I’ve posted a very basic set of new benchmarks, re:HT, on the front page of my web site:
http://www.coyotegulch.com
Is HT a benefit? Yes.
Does it replace MP? Definitely not.
Do I plan to buy an Athlon MP system? Yes, as soon as business permits.
..Scott
You are patently mistaken, Pat (I couldn’t resist). Intel has had their own compiler for eons, and did not just create it because they couldn’t work with GCC.
As for things to learn, these data indicate that GCC and ICC aren’t that far apart generally. And that the faster system exacerbated the OOPACK/Complex performance discrepancy dramatically for GCC – which probably means there is something fundamentally wrong somewhere.
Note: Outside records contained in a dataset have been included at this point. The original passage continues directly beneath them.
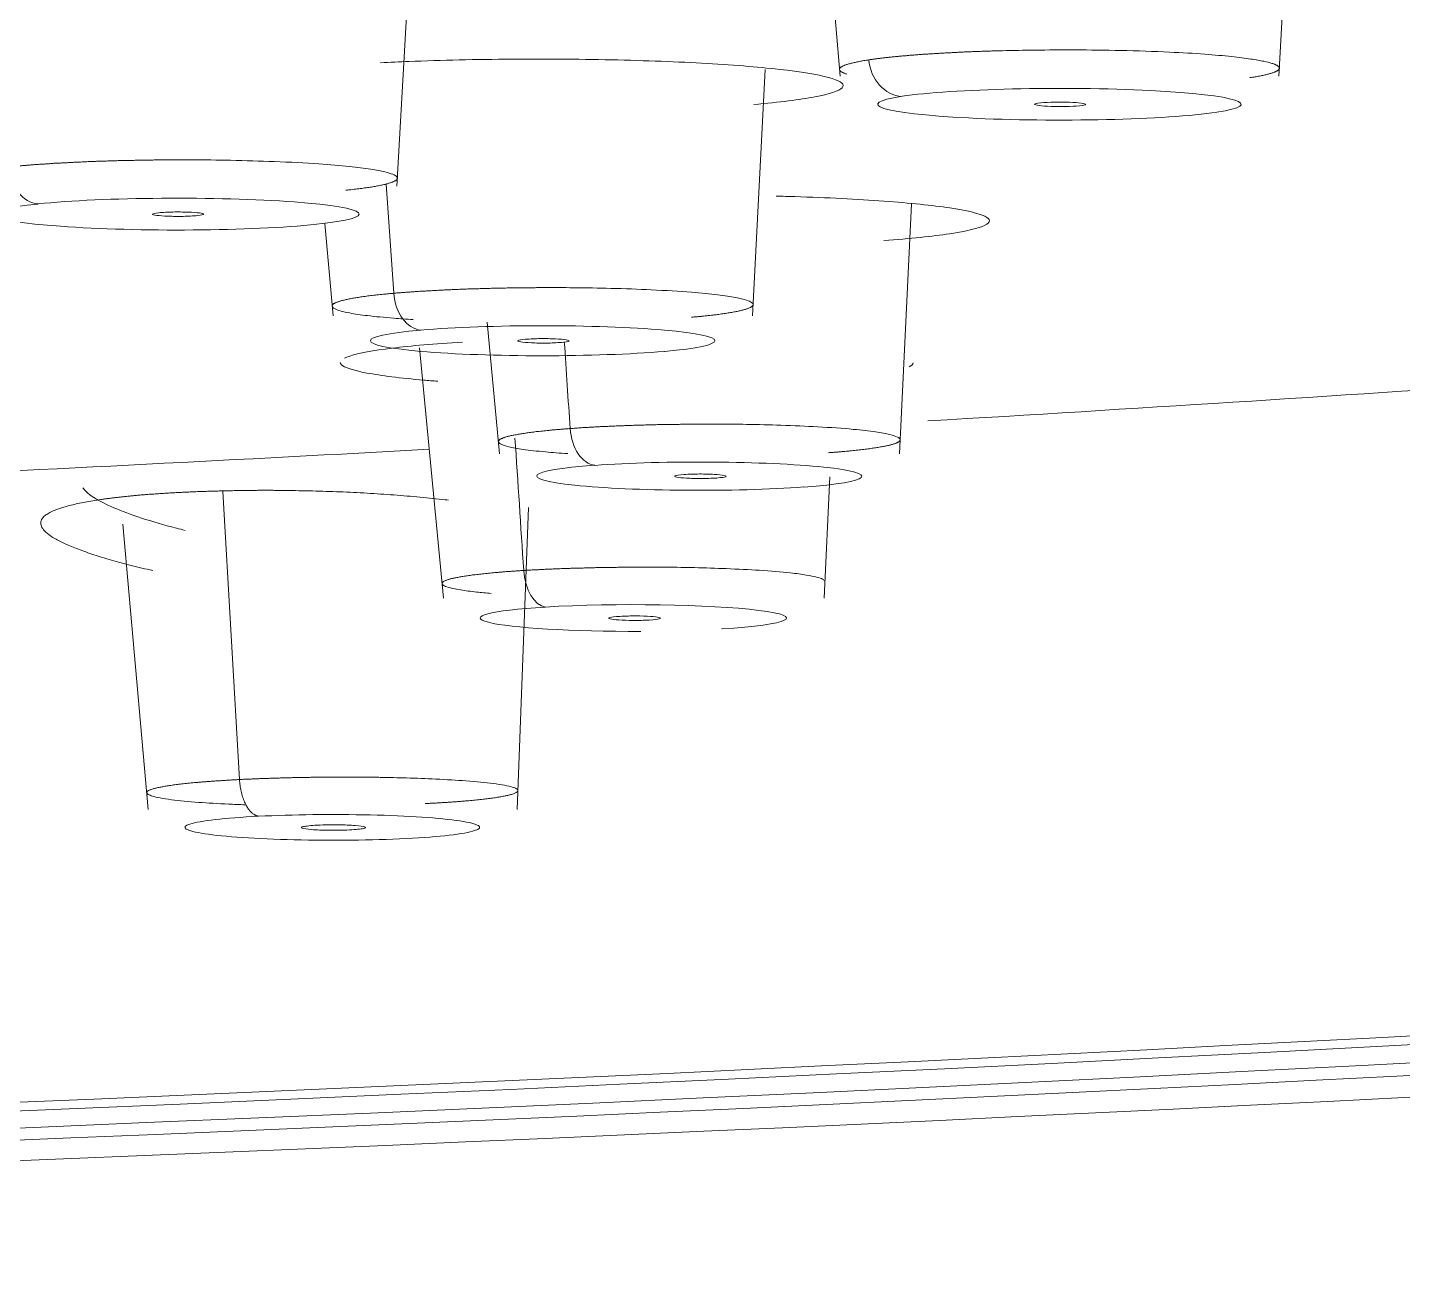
# Model space of a CAD drawing. Extents: x 19821 to 22981, y -91 to 2224.
# Drawn here: x 20742.06 to 20752.82, y 1291.2 to 1301.05 of the extents above; entities that cross this region are included whole.
import ezdxf

# ---------------------------------------------------------------- set-up
doc = ezdxf.new("R2010")
doc.units = 0
doc.header["$LTSCALE"] = 10
doc.header["$MEASUREMENT"] = 0
doc.layers.add('1', color=7, linetype='CONTINUOUS')

msp = doc.modelspace()

# ---------------------------------------------------------------- linework, layer by layer
at = {"layer": '1', "color": 7, "linetype": 'Continuous', "lineweight": 18}
for p, q in [((20751.852, 1300.673), (20751.957, 1302.562)), ((20748.281, 1302.262), (20748.417, 1300.672)), ((20744.949, 1299.813), (20745.041, 1301.433)), ((20747.732, 1298.799), (20747.832, 1300.726)), ((20748.883, 1297.718), (20748.977, 1299.674)), ((20744.385, 1299.521), (20744.449, 1298.799)), ((20745.656, 1298.747), (20745.752, 1297.718)), ((20745.126, 1298.547), (20745.313, 1296.589)), ((20748.293, 1296.589), (20748.336, 1297.539)), ((20745.891, 1294.937), (20745.978, 1297.298)), ((20742.803, 1297.168), (20743.003, 1294.937))]:
    msp.add_line(p, q, dxfattribs=at)
at = {"layer": '1', "color": 7, "linetype": 'Continuous', "lineweight": 13}
for p, q in [((20744.925, 1298.974), (20744.866, 1299.829)), ((20743.717, 1295.17), (20743.587, 1297.423))]:
    msp.add_line(p, q, dxfattribs=at)
at = {"layer": '1', "color": 7, "linetype": 'Continuous', "lineweight": 18}
for centre, major_axis, ratio, start_param, end_param in [((20690.341, 1301.967), (-121.8, 0), 0.087156, 1.570796, 4.70718), ((20690.341, 1301.967), (-120.85, 0), 0.087156, 1.570796, 4.712389), ((20690.341, 1302.016), (119.248, 0), 0.087156, 4.712389, 7.847018), ((20690.341, 1301.967), (119.464, 0), 0.087156, 4.712389, 7.853982), ((20690.341, 1301.967), (-123.486, 0), 0.087156, 1.570796, 3.036476), ((20748.902, 1300.814), (-0.045, 0.297), 0.862786, 1.484991, 2.968221), ((20750.134, 1300.453), (-1.422, 0), 0.087155, 2.617989, 5.759411), ((20750.134, 1300.453), (-1.422, 0), 0.087156, 5.759696, 8.900875), ((20742.141, 1299.972), (-0.031, 0.298), 0.763202, 1.522953, 3.006183), ((20743.231, 1299.594), (-1.422, 0), 0.087155, 2.443454, 5.584876), ((20743.231, 1299.593), (-1.422, 0), 0.087156, 5.585164, 8.726343), ((20745.136, 1298.985), (-0.026, 0.299), 0.704594, 1.543909, 3.018225), ((20746.089, 1298.603), (-1.348, 0), 0.087156, 5.498071, 8.638673), ((20746.089, 1298.603), (-1.348, 0), 0.087156, 2.356207, 5.49735), ((20746.497, 1297.928), (-0.022, 0.299), 0.640706, 1.562081, 3.027442), ((20747.314, 1297.543), (-1.274, 0), 0.087156, 2.270484, 5.40886), ((20747.317, 1297.544), (-1.274, 0), 0.087156, 5.411934, 8.550597), ((20746.112, 1296.818), (-0.018, 0.299), 0.571993, 1.578191, 3.034573), ((20746.801, 1296.434), (-1.2, 0), 0.087156, 5.324574, 7.901215), ((20746.799, 1296.434), (-1.2, 0), 0.087155, 2.183137, 5.321599)]:
    msp.add_ellipse(centre, major_axis=major_axis, ratio=ratio, start_param=start_param, end_param=end_param, dxfattribs=at)
at = {"layer": '1', "color": 7, "linetype": 'Continuous', "lineweight": 13}
for start_param, end_param in [(2.171282, 2.283594), (2.027014, 2.126466)]:
    msp.add_ellipse((20690.341, 1305.454), major_axis=(-104, 0), ratio=0.087156, start_param=start_param, end_param=end_param, dxfattribs=at)
at = {"layer": '1', "color": 7, "linetype": 'Continuous', "lineweight": 18}
for points, knots in [([(20744.821, 1300.777), (20744.894, 1300.781), (20745.212, 1300.796), (20745.844, 1300.81), (20746.696, 1300.803), (20747.443, 1300.773), (20748.045, 1300.721), (20748.401, 1300.655), (20748.485, 1300.582), (20748.26, 1300.508), (20747.946, 1300.469), (20747.742, 1300.451)], [0, 0, 0, 0, 0.036663, 0.15708, 0.277497, 0.397915, 0.518332, 0.638749, 0.759166, 0.879583, 1, 1, 1, 1]), ([(20748.471, 1300.688), (20748.471, 1300.688), (20748.468, 1300.689), (20748.46, 1300.692), (20748.45, 1300.696), (20748.441, 1300.699), (20748.433, 1300.703), (20748.427, 1300.707), (20748.422, 1300.711), (20748.418, 1300.715), (20748.415, 1300.719), (20748.413, 1300.722), (20748.413, 1300.726), (20748.413, 1300.73), (20748.415, 1300.734), (20748.418, 1300.738), (20748.422, 1300.741), (20748.427, 1300.745), (20748.433, 1300.749), (20748.44, 1300.752), (20748.448, 1300.756), (20748.458, 1300.76), (20748.468, 1300.763), (20748.479, 1300.767), (20748.492, 1300.77), (20748.505, 1300.774), (20748.519, 1300.777), (20748.534, 1300.781), (20748.55, 1300.784), (20748.567, 1300.788), (20748.585, 1300.791), (20748.603, 1300.794), (20748.623, 1300.797), (20748.637, 1300.799), (20748.643, 1300.8)], [0, 0, 0, 0, 0.000029, 0.033922, 0.067706, 0.101381, 0.134947, 0.168404, 0.201752, 0.234991, 0.268122, 0.301143, 0.334055, 0.366858, 0.399553, 0.432138, 0.464614, 0.496981, 0.529239, 0.561387, 0.593427, 0.625357, 0.657179, 0.688891, 0.720493, 0.751987, 0.783371, 0.814646, 0.845812, 0.876868, 0.907815, 0.938653, 0.969381, 1, 1, 1, 1]), ([(20748.643, 1300.8), (20748.647, 1300.801), (20748.653, 1300.802), (20748.663, 1300.803), (20748.673, 1300.805), (20748.684, 1300.806), (20748.694, 1300.808), (20748.705, 1300.809), (20748.716, 1300.811), (20748.728, 1300.812), (20748.739, 1300.813), (20748.751, 1300.815), (20748.762, 1300.816), (20748.774, 1300.818), (20748.787, 1300.819), (20748.799, 1300.82), (20748.812, 1300.822), (20748.825, 1300.823), (20748.838, 1300.824), (20748.851, 1300.826), (20748.864, 1300.827), (20748.878, 1300.828), (20748.892, 1300.829), (20748.906, 1300.831), (20748.92, 1300.832), (20748.934, 1300.833), (20748.949, 1300.834), (20748.964, 1300.836), (20748.979, 1300.837), (20748.994, 1300.838), (20749.009, 1300.839), (20749.025, 1300.84), (20749.04, 1300.842), (20749.056, 1300.843), (20749.072, 1300.844), (20749.088, 1300.845), (20749.105, 1300.846), (20749.121, 1300.847), (20749.138, 1300.848), (20749.155, 1300.849), (20749.172, 1300.85), (20749.189, 1300.851), (20749.207, 1300.852), (20749.224, 1300.853), (20749.242, 1300.854), (20749.26, 1300.855), (20749.278, 1300.856), (20749.296, 1300.857), (20749.314, 1300.858), (20749.333, 1300.859), (20749.352, 1300.86), (20749.37, 1300.861), (20749.389, 1300.862), (20749.408, 1300.862), (20749.427, 1300.863), (20749.447, 1300.864), (20749.466, 1300.865), (20749.486, 1300.866), (20749.506, 1300.866), (20749.526, 1300.867), (20749.546, 1300.868), (20749.566, 1300.868), (20749.586, 1300.869), (20749.606, 1300.87), (20749.627, 1300.87), (20749.647, 1300.871), (20749.668, 1300.871), (20749.765, 1300.874), (20749.959, 1300.877), (20750.271, 1300.879), (20750.632, 1300.874), (20750.98, 1300.863), (20751.269, 1300.846), (20751.48, 1300.827), (20751.632, 1300.808), (20751.734, 1300.79), (20751.785, 1300.777), (20751.809, 1300.769), (20751.819, 1300.766), (20751.828, 1300.762), (20751.835, 1300.758), (20751.842, 1300.754), (20751.847, 1300.75), (20751.851, 1300.746), (20751.854, 1300.743), (20751.855, 1300.739), (20751.856, 1300.735), (20751.855, 1300.731), (20751.854, 1300.727), (20751.851, 1300.724), (20751.847, 1300.72), (20751.842, 1300.716), (20751.835, 1300.712), (20751.828, 1300.709), (20751.82, 1300.705), (20751.811, 1300.701), (20751.8, 1300.698), (20751.789, 1300.694), (20751.777, 1300.691), (20751.763, 1300.687), (20751.749, 1300.684), (20751.734, 1300.68), (20751.718, 1300.677), (20751.701, 1300.674), (20751.684, 1300.67), (20751.665, 1300.667), (20751.646, 1300.664), (20751.632, 1300.662), (20751.625, 1300.661)], [0, 0, 0, 0, 0.003593, 0.007192, 0.010798, 0.014409, 0.018027, 0.021651, 0.02528, 0.028916, 0.032558, 0.036206, 0.03986, 0.04352, 0.047186, 0.050858, 0.054537, 0.058221, 0.061912, 0.065608, 0.069311, 0.07302, 0.076735, 0.080455, 0.084182, 0.087915, 0.091655, 0.0954, 0.099151, 0.102908, 0.106672, 0.110441, 0.114217, 0.117999, 0.121786, 0.12558, 0.12938, 0.133186, 0.136998, 0.140816, 0.14464, 0.14847, 0.152306, 0.156149, 0.159997, 0.163852, 0.167712, 0.171579, 0.175451, 0.17933, 0.183215, 0.187106, 0.191002, 0.194905, 0.198814, 0.20273, 0.206651, 0.210578, 0.214511, 0.21845, 0.222396, 0.226347, 0.230305, 0.234268, 0.238238, 0.242214, 0.246195, 0.250183, 0.297846, 0.35537, 0.422737, 0.499923, 0.562726, 0.619119, 0.669101, 0.712669, 0.749821, 0.758333, 0.766816, 0.775269, 0.783692, 0.792086, 0.80045, 0.808785, 0.817091, 0.825367, 0.833614, 0.841831, 0.850019, 0.858177, 0.866306, 0.874405, 0.882475, 0.890516, 0.898527, 0.906509, 0.914461, 0.922384, 0.930278, 0.938142, 0.945977, 0.953783, 0.961559, 0.969306, 0.977023, 0.984712, 0.99237, 1, 1, 1, 1]), ([(20741.912, 1299.963), (20741.917, 1299.963), (20741.925, 1299.964), (20741.938, 1299.965), (20741.951, 1299.967), (20741.964, 1299.968), (20741.977, 1299.969), (20741.991, 1299.97), (20742.004, 1299.971), (20742.018, 1299.973), (20742.032, 1299.974), (20742.046, 1299.975), (20742.061, 1299.976), (20742.075, 1299.977), (20742.09, 1299.979), (20742.105, 1299.98), (20742.12, 1299.981), (20742.136, 1299.982), (20742.151, 1299.983), (20742.167, 1299.984), (20742.182, 1299.985), (20742.198, 1299.986), (20742.215, 1299.987), (20742.231, 1299.988), (20742.247, 1299.989), (20742.264, 1299.991), (20742.281, 1299.992), (20742.298, 1299.992), (20742.315, 1299.993), (20742.332, 1299.994), (20742.349, 1299.995), (20742.367, 1299.996), (20742.385, 1299.997), (20742.403, 1299.998), (20742.421, 1299.999), (20742.439, 1300), (20742.457, 1300.001), (20742.475, 1300.001), (20742.494, 1300.002), (20742.513, 1300.003), (20742.531, 1300.004), (20742.55, 1300.005), (20742.57, 1300.005), (20742.589, 1300.006), (20742.608, 1300.007), (20742.628, 1300.007), (20742.647, 1300.008), (20742.667, 1300.009), (20742.687, 1300.009), (20742.707, 1300.01), (20742.727, 1300.01), (20742.747, 1300.011), (20742.767, 1300.012), (20742.787, 1300.012), (20742.808, 1300.013), (20742.828, 1300.013), (20742.849, 1300.014), (20742.87, 1300.014), (20742.891, 1300.014), (20742.911, 1300.015), (20742.932, 1300.015), (20742.953, 1300.016), (20742.975, 1300.016), (20742.996, 1300.016), (20743.017, 1300.016), (20743.038, 1300.017), (20743.06, 1300.017), (20743.16, 1300.018), (20743.357, 1300.019), (20743.666, 1300.015), (20744.01, 1300.005), (20744.327, 1299.989), (20744.576, 1299.968), (20744.745, 1299.946), (20744.856, 1299.925), (20744.919, 1299.906), (20744.943, 1299.893), (20744.95, 1299.884), (20744.952, 1299.88), (20744.953, 1299.876), (20744.953, 1299.873), (20744.951, 1299.869), (20744.949, 1299.865), (20744.945, 1299.861), (20744.94, 1299.857), (20744.934, 1299.853), (20744.926, 1299.85), (20744.918, 1299.846), (20744.909, 1299.842), (20744.898, 1299.839), (20744.887, 1299.835), (20744.874, 1299.831), (20744.861, 1299.828), (20744.846, 1299.824), (20744.83, 1299.821), (20744.814, 1299.817), (20744.797, 1299.814), (20744.778, 1299.811), (20744.759, 1299.807), (20744.739, 1299.804), (20744.718, 1299.801), (20744.696, 1299.798), (20744.674, 1299.795), (20744.651, 1299.792), (20744.627, 1299.789), (20744.602, 1299.786), (20744.576, 1299.783), (20744.559, 1299.781), (20744.55, 1299.78)], [0, 0, 0, 0, 0.003593, 0.007192, 0.010798, 0.014409, 0.018027, 0.021651, 0.02528, 0.028916, 0.032558, 0.036206, 0.03986, 0.04352, 0.047186, 0.050858, 0.054537, 0.058221, 0.061912, 0.065608, 0.069311, 0.07302, 0.076735, 0.080455, 0.084182, 0.087915, 0.091655, 0.0954, 0.099151, 0.102908, 0.106672, 0.110441, 0.114217, 0.117999, 0.121786, 0.12558, 0.12938, 0.133186, 0.136998, 0.140816, 0.14464, 0.14847, 0.152306, 0.156149, 0.159997, 0.163852, 0.167712, 0.171579, 0.175451, 0.17933, 0.183215, 0.187106, 0.191002, 0.194905, 0.198814, 0.20273, 0.206651, 0.210578, 0.214511, 0.21845, 0.222396, 0.226347, 0.230305, 0.234268, 0.238238, 0.242214, 0.246195, 0.250183, 0.297846, 0.35537, 0.422737, 0.499923, 0.562726, 0.619119, 0.669101, 0.712669, 0.749821, 0.758333, 0.766816, 0.775269, 0.783692, 0.792086, 0.80045, 0.808785, 0.817091, 0.825367, 0.833614, 0.841831, 0.850019, 0.858177, 0.866306, 0.874405, 0.882475, 0.890516, 0.898527, 0.906509, 0.914461, 0.922384, 0.930278, 0.938142, 0.945977, 0.953783, 0.961559, 0.969306, 0.977023, 0.984712, 0.99237, 1, 1, 1, 1]), ([(20747.918, 1299.735), (20747.967, 1299.733), (20748.271, 1299.725), (20748.791, 1299.698), (20749.316, 1299.644), (20749.596, 1299.577), (20749.6, 1299.506), (20749.311, 1299.437), (20748.97, 1299.402), (20748.759, 1299.386)], [0, 0, 0, 0, 0.030832, 0.19236, 0.353888, 0.515416, 0.676944, 0.838472, 1, 1, 1, 1]), ([(20745.075, 1298.769), (20745.022, 1298.772), (20744.891, 1298.781), (20744.717, 1298.798), (20744.577, 1298.819), (20744.492, 1298.839), (20744.45, 1298.858), (20744.441, 1298.871), (20744.443, 1298.879), (20744.444, 1298.882), (20744.447, 1298.886), (20744.451, 1298.89), (20744.456, 1298.893), (20744.463, 1298.897), (20744.47, 1298.901), (20744.478, 1298.904), (20744.488, 1298.908), (20744.498, 1298.911), (20744.51, 1298.915), (20744.523, 1298.918), (20744.536, 1298.921), (20744.551, 1298.925), (20744.566, 1298.928), (20744.582, 1298.931), (20744.6, 1298.935), (20744.618, 1298.938), (20744.637, 1298.941), (20744.657, 1298.944), (20744.678, 1298.947), (20744.699, 1298.95), (20744.721, 1298.953), (20744.744, 1298.956), (20744.768, 1298.959), (20744.792, 1298.961), (20744.818, 1298.964), (20744.843, 1298.967), (20744.87, 1298.969), (20744.897, 1298.972), (20744.915, 1298.974), (20744.925, 1298.974)], [0, 0, 0, 0, 0.071736, 0.18818, 0.292808, 0.385597, 0.466531, 0.535594, 0.551368, 0.56709, 0.582759, 0.598375, 0.613939, 0.629449, 0.644907, 0.660312, 0.675663, 0.690962, 0.706208, 0.721402, 0.736542, 0.751629, 0.766663, 0.781645, 0.796573, 0.811448, 0.826271, 0.84104, 0.855756, 0.870419, 0.88503, 0.899587, 0.914091, 0.928542, 0.94294, 0.957284, 0.971576, 0.985815, 1, 1, 1, 1]), ([(20744.925, 1298.974), (20744.93, 1298.975), (20744.94, 1298.976), (20744.955, 1298.977), (20744.97, 1298.978), (20744.986, 1298.979), (20745.002, 1298.981), (20745.018, 1298.982), (20745.034, 1298.983), (20745.051, 1298.984), (20745.067, 1298.985), (20745.084, 1298.987), (20745.101, 1298.988), (20745.119, 1298.989), (20745.136, 1298.99), (20745.154, 1298.991), (20745.172, 1298.992), (20745.19, 1298.993), (20745.208, 1298.994), (20745.227, 1298.995), (20745.246, 1298.996), (20745.265, 1298.997), (20745.284, 1298.998), (20745.303, 1298.999), (20745.322, 1299), (20745.342, 1299.001), (20745.362, 1299.002), (20745.382, 1299.003), (20745.402, 1299.004), (20745.422, 1299.005), (20745.442, 1299.005), (20745.463, 1299.006), (20745.484, 1299.007), (20745.505, 1299.008), (20745.526, 1299.008), (20745.547, 1299.009), (20745.568, 1299.01), (20745.59, 1299.01), (20745.611, 1299.011), (20745.633, 1299.012), (20745.655, 1299.012), (20745.677, 1299.013), (20745.699, 1299.013), (20745.721, 1299.014), (20745.744, 1299.014), (20745.766, 1299.015), (20745.789, 1299.015), (20745.811, 1299.016), (20745.834, 1299.016), (20745.857, 1299.016), (20745.88, 1299.017), (20745.903, 1299.017), (20745.926, 1299.017), (20745.949, 1299.018), (20745.972, 1299.018), (20745.996, 1299.018), (20746.019, 1299.018), (20746.042, 1299.018), (20746.066, 1299.019), (20746.163, 1299.019), (20746.352, 1299.018), (20746.642, 1299.013), (20746.961, 1299.002), (20747.246, 1298.984), (20747.462, 1298.963), (20747.602, 1298.942), (20747.687, 1298.922), (20747.728, 1298.903), (20747.737, 1298.89), (20747.736, 1298.882), (20747.735, 1298.879), (20747.732, 1298.875), (20747.728, 1298.871), (20747.722, 1298.868), (20747.716, 1298.864), (20747.709, 1298.861), (20747.7, 1298.857), (20747.691, 1298.854), (20747.68, 1298.85), (20747.669, 1298.847), (20747.656, 1298.843), (20747.643, 1298.84), (20747.628, 1298.836), (20747.613, 1298.833), (20747.596, 1298.83), (20747.579, 1298.827), (20747.561, 1298.823), (20747.542, 1298.82), (20747.522, 1298.817), (20747.501, 1298.814), (20747.48, 1298.811), (20747.458, 1298.808), (20747.435, 1298.805), (20747.411, 1298.803), (20747.386, 1298.8), (20747.361, 1298.797), (20747.336, 1298.794), (20747.309, 1298.792), (20747.282, 1298.789), (20747.264, 1298.788), (20747.254, 1298.787)], [0, 0, 0, 0, 0.004078, 0.008164, 0.012259, 0.016362, 0.020473, 0.024592, 0.02872, 0.032856, 0.037, 0.041152, 0.045313, 0.049482, 0.053659, 0.057845, 0.062039, 0.066241, 0.070451, 0.07467, 0.078897, 0.083132, 0.087375, 0.091627, 0.095887, 0.100155, 0.104432, 0.108716, 0.113009, 0.117311, 0.12162, 0.125938, 0.130264, 0.134598, 0.138941, 0.143291, 0.147651, 0.152018, 0.156393, 0.160777, 0.165169, 0.16957, 0.173978, 0.178395, 0.18282, 0.187253, 0.191695, 0.196144, 0.200602, 0.205069, 0.209543, 0.214026, 0.218517, 0.223016, 0.227523, 0.232039, 0.236563, 0.241095, 0.245635, 0.250184, 0.297654, 0.355114, 0.422544, 0.499915, 0.562606, 0.61894, 0.668919, 0.712542, 0.749809, 0.758306, 0.766775, 0.775216, 0.783628, 0.792011, 0.800366, 0.808692, 0.81699, 0.82526, 0.8335, 0.841713, 0.849897, 0.858052, 0.86618, 0.874278, 0.882349, 0.89039, 0.898404, 0.906389, 0.914346, 0.922274, 0.930174, 0.938046, 0.945889, 0.953704, 0.961491, 0.969249, 0.976979, 0.984681, 0.992355, 1, 1, 1, 1]), ([(20744.539, 1298.467), (20744.55, 1298.472), (20744.621, 1298.5), (20744.878, 1298.548), (20745.241, 1298.579), (20745.461, 1298.593)], [0, 0, 0, 0, 0.111166, 0.555583, 1, 1, 1, 1]), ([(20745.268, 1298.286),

In some of the OOPACK numbers it looks strange where some of the results are identical.
ALSO Btw I bet the author could get more reliable results out of the Stepanov test by supplying more iterations, e.g. $ ./stepanov 100000 rather than the default.
…and the benchmark crashed. With both compilers.
As the current review states: This is a work in progress, and there is definitely something suspicious about the OOPack numbers. They’re just too darned “neat”.
I’ve ran SMP boxes for years (I’m a dual CPU freak), and have noted something that might with your HT tests:
I know that, on average, SMP boxen work best with 2 threads per cpu. You might try upping to “-j 4” I’m not certain, but I suspect it might help speed up the HT’d compiles.
I’m afraid I’m going to have to agree with you, I can’t find any souces for what I mentioned. Oh well..
That is really weird. I’ve been running the stepanov test on gcc since 2.95.* and on icc since 5.0 and haven’t had one crash yet. (Hmm, maybe it was only bombing on your more-experimental-2.5.x system?)
Another thing that stood out for me that I’ve mentioned before is that “-funroll-all-loops” is used for gcc, but icc doesn’t do that (it uses heuristics to determine inlining by default, unless told to use a threshold via -unroll=[n].) but the manual states that it usually slows things down. Hmmm..
Ditto on the OOPack numbers looking too “neat.”